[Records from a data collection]

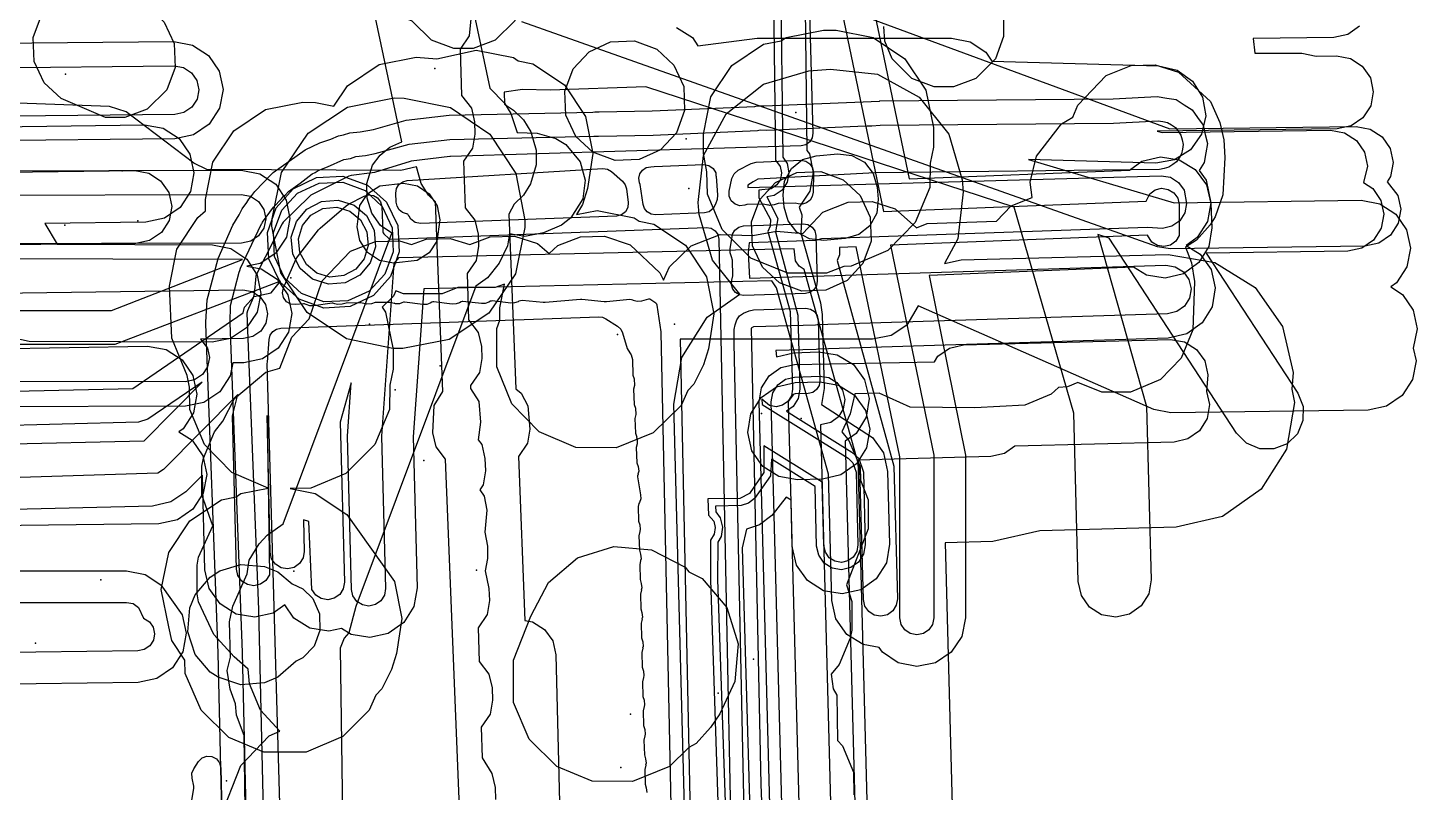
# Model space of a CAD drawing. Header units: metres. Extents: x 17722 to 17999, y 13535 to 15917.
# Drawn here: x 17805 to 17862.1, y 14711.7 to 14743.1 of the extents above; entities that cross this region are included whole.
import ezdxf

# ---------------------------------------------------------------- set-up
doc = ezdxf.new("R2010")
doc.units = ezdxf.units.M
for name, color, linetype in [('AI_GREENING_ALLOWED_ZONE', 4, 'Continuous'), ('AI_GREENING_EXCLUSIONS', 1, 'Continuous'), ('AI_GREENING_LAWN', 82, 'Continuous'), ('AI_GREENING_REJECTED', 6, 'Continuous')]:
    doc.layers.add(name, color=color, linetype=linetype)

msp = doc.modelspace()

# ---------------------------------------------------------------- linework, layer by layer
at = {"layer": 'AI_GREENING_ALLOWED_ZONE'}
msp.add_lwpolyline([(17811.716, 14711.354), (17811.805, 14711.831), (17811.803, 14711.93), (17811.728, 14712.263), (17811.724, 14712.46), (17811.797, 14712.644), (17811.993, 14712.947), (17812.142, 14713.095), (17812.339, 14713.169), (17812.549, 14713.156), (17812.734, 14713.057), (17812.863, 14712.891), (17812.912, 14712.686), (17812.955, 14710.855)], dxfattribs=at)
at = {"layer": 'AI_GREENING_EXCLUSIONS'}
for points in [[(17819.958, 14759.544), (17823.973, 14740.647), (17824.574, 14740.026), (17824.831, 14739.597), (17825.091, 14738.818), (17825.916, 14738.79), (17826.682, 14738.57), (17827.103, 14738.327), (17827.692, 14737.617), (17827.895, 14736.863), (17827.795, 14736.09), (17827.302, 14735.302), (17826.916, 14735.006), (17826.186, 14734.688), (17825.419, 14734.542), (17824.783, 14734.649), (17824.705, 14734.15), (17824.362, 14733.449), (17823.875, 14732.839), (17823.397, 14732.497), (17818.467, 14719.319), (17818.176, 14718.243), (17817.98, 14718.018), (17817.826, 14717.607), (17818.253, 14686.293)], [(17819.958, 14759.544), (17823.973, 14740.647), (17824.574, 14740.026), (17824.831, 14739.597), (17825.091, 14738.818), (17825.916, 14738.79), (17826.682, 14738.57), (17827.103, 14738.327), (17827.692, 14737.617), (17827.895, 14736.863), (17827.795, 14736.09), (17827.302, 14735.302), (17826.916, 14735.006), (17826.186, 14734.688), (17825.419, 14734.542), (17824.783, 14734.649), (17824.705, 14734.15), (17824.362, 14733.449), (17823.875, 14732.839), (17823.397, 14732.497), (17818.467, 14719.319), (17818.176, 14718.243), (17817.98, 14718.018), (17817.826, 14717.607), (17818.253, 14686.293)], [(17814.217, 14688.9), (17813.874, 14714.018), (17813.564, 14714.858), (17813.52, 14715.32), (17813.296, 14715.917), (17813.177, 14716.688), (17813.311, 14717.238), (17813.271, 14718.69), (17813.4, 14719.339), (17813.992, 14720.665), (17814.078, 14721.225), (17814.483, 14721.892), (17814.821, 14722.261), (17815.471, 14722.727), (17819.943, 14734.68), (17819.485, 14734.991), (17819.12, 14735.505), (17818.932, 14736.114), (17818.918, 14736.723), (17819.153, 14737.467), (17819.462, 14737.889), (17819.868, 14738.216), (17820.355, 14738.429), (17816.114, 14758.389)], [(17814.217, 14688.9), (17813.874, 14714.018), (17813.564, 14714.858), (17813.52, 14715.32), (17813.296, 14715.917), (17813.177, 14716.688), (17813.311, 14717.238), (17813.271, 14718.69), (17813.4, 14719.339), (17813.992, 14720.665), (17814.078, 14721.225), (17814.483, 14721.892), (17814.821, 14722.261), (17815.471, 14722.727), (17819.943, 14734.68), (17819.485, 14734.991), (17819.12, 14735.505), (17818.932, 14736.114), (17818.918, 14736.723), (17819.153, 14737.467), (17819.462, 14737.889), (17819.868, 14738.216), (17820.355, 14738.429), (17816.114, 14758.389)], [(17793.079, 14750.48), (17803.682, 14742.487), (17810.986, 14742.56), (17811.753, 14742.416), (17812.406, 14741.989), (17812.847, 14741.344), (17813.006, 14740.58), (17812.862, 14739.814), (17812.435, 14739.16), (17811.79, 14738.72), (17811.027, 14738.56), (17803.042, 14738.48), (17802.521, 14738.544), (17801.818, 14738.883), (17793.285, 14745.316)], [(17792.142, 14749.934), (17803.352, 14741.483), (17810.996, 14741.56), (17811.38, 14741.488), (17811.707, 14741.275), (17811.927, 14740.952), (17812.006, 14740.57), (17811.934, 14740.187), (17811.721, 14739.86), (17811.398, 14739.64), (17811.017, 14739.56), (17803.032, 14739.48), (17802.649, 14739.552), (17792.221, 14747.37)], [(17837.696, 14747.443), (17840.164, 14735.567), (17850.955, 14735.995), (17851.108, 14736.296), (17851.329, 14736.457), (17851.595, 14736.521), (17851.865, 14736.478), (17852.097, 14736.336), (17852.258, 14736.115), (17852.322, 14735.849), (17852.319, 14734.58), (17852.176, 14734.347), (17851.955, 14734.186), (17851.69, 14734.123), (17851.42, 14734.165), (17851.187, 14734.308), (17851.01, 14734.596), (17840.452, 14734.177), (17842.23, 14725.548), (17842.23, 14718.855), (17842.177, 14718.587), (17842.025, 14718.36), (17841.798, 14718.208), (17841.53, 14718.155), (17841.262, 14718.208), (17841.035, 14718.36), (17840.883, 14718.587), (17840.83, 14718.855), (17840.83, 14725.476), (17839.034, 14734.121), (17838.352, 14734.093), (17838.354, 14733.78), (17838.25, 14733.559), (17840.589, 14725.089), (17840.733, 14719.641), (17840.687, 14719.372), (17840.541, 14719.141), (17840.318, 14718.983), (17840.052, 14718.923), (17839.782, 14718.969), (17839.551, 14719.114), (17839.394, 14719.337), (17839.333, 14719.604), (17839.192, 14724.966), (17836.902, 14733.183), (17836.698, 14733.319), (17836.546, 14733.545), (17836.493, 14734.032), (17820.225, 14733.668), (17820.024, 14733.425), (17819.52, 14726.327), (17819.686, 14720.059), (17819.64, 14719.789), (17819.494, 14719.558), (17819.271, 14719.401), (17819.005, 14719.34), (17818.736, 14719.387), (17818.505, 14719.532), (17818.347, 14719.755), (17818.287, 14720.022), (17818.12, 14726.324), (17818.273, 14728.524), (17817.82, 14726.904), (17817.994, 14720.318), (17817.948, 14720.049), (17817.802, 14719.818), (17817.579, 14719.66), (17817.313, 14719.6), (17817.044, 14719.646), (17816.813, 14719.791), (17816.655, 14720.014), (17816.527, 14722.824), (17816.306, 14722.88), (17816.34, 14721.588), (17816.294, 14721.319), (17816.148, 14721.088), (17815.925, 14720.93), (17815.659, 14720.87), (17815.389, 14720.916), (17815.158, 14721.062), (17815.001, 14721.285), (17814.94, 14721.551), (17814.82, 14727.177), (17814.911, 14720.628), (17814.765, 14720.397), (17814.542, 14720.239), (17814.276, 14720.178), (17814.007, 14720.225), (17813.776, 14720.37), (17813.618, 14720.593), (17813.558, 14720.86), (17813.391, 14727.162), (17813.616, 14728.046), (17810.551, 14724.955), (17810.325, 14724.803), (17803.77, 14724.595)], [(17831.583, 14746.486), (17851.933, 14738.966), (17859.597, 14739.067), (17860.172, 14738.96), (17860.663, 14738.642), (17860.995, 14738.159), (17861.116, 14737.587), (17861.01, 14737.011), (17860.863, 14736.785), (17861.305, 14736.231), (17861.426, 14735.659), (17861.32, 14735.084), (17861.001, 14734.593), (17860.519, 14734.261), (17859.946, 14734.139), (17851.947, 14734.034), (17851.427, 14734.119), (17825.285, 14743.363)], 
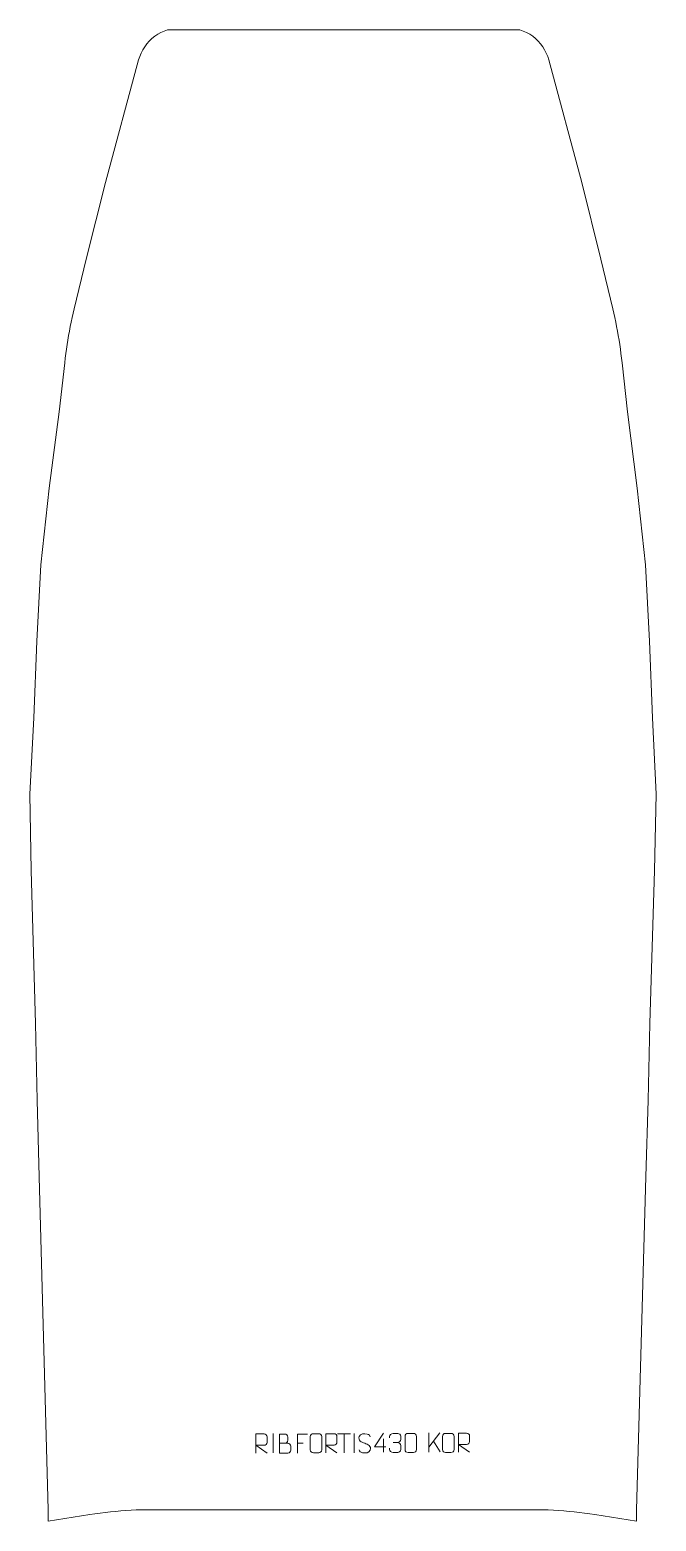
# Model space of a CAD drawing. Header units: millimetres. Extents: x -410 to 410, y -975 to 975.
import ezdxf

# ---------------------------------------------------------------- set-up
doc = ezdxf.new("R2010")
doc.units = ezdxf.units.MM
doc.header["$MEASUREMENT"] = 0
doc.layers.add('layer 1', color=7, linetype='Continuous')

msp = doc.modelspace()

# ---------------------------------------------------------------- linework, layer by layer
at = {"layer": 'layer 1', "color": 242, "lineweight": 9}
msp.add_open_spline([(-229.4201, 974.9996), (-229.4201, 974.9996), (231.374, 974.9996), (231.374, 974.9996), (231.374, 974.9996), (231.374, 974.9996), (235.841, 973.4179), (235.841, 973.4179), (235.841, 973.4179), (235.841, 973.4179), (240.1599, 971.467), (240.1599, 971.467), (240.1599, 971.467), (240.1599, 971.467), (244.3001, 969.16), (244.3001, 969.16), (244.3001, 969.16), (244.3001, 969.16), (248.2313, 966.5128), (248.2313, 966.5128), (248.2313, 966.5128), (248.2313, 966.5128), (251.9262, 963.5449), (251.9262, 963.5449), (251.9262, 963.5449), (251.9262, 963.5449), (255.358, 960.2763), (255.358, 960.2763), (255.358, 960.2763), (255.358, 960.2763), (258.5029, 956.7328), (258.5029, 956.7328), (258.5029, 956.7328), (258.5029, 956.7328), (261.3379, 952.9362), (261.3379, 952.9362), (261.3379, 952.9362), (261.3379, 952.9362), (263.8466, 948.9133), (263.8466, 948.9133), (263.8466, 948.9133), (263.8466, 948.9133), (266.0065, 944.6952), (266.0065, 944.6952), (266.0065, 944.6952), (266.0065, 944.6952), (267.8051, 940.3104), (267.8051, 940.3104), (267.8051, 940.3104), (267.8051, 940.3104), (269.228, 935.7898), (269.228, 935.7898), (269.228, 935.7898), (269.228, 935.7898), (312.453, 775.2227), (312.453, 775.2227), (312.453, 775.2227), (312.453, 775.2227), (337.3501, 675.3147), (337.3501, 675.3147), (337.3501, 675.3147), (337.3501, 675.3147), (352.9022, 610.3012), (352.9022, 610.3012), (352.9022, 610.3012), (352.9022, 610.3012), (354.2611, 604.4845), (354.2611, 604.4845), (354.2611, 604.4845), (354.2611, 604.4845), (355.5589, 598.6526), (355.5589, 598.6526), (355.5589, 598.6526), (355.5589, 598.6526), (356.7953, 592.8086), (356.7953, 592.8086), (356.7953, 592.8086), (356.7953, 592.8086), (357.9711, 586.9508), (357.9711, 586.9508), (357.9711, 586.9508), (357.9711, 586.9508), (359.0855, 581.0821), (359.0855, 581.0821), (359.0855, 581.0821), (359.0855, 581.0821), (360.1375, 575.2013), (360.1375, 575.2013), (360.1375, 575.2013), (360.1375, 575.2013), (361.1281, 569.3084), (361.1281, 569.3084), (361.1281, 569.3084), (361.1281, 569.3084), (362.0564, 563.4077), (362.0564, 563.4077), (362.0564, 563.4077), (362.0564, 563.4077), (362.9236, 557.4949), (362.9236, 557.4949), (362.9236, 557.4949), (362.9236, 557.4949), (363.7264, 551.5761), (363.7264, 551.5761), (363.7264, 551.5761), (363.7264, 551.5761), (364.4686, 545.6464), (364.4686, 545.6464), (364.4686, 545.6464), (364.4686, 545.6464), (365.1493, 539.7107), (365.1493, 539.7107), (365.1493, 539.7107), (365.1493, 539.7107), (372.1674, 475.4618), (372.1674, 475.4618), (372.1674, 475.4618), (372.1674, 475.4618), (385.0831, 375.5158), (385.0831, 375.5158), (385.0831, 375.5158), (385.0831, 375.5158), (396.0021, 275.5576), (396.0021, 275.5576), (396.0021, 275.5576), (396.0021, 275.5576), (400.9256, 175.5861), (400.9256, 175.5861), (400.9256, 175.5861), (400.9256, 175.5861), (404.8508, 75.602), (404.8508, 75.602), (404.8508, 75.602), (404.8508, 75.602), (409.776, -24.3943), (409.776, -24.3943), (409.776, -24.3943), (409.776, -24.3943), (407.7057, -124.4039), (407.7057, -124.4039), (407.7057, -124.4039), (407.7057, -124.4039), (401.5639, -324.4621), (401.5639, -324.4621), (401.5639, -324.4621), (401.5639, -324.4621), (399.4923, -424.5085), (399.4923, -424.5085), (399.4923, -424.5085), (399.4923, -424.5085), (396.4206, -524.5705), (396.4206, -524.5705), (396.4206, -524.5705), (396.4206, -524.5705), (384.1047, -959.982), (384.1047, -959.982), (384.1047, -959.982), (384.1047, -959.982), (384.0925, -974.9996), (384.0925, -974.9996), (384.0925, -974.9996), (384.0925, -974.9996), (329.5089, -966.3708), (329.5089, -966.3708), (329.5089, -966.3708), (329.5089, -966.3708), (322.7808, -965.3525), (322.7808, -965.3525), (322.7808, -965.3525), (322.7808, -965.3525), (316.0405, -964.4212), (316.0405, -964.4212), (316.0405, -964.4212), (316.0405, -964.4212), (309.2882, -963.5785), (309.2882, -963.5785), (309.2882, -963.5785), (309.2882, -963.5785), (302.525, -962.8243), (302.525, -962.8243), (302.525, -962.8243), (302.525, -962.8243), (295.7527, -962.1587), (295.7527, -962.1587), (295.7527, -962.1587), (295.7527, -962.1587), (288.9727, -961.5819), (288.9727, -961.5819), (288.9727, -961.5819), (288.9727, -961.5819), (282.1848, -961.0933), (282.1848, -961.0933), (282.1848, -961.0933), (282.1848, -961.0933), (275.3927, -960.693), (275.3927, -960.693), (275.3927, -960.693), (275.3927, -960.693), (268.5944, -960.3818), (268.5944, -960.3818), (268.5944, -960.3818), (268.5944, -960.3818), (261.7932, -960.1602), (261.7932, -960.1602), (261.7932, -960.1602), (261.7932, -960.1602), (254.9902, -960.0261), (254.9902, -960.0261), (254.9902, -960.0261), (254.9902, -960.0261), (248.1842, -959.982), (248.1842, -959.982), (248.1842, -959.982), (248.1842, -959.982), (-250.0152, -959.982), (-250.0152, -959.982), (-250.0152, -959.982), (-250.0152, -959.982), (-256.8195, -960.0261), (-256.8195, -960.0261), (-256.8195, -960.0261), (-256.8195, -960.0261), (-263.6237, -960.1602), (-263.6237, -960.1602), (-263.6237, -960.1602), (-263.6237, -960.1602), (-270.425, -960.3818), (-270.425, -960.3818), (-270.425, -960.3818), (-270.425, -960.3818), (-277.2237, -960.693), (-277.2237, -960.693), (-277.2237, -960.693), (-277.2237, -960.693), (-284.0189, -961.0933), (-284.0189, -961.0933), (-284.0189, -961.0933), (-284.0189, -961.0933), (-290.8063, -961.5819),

## [WHAT YOU WILL DO]
Scan the data above, find each line with "linetype", and copy it.

## [EXERCISE SOLUTION]
for name, color, linetype in [('AI_GREENING_ALLOWED_ZONE', 4, 'Continuous'), ('AI_GREENING_EXCLUSIONS', 1, 'Continuous'), ('AI_GREENING_LAWN', 82, 'Continuous'), ('AI_GREENING_REJECTED', 6, 'Continuous')]:
    doc.layers.add(name, color=color, linetype=linetype)
doc.layers.add('layer 1', color=7, linetype='Continuous')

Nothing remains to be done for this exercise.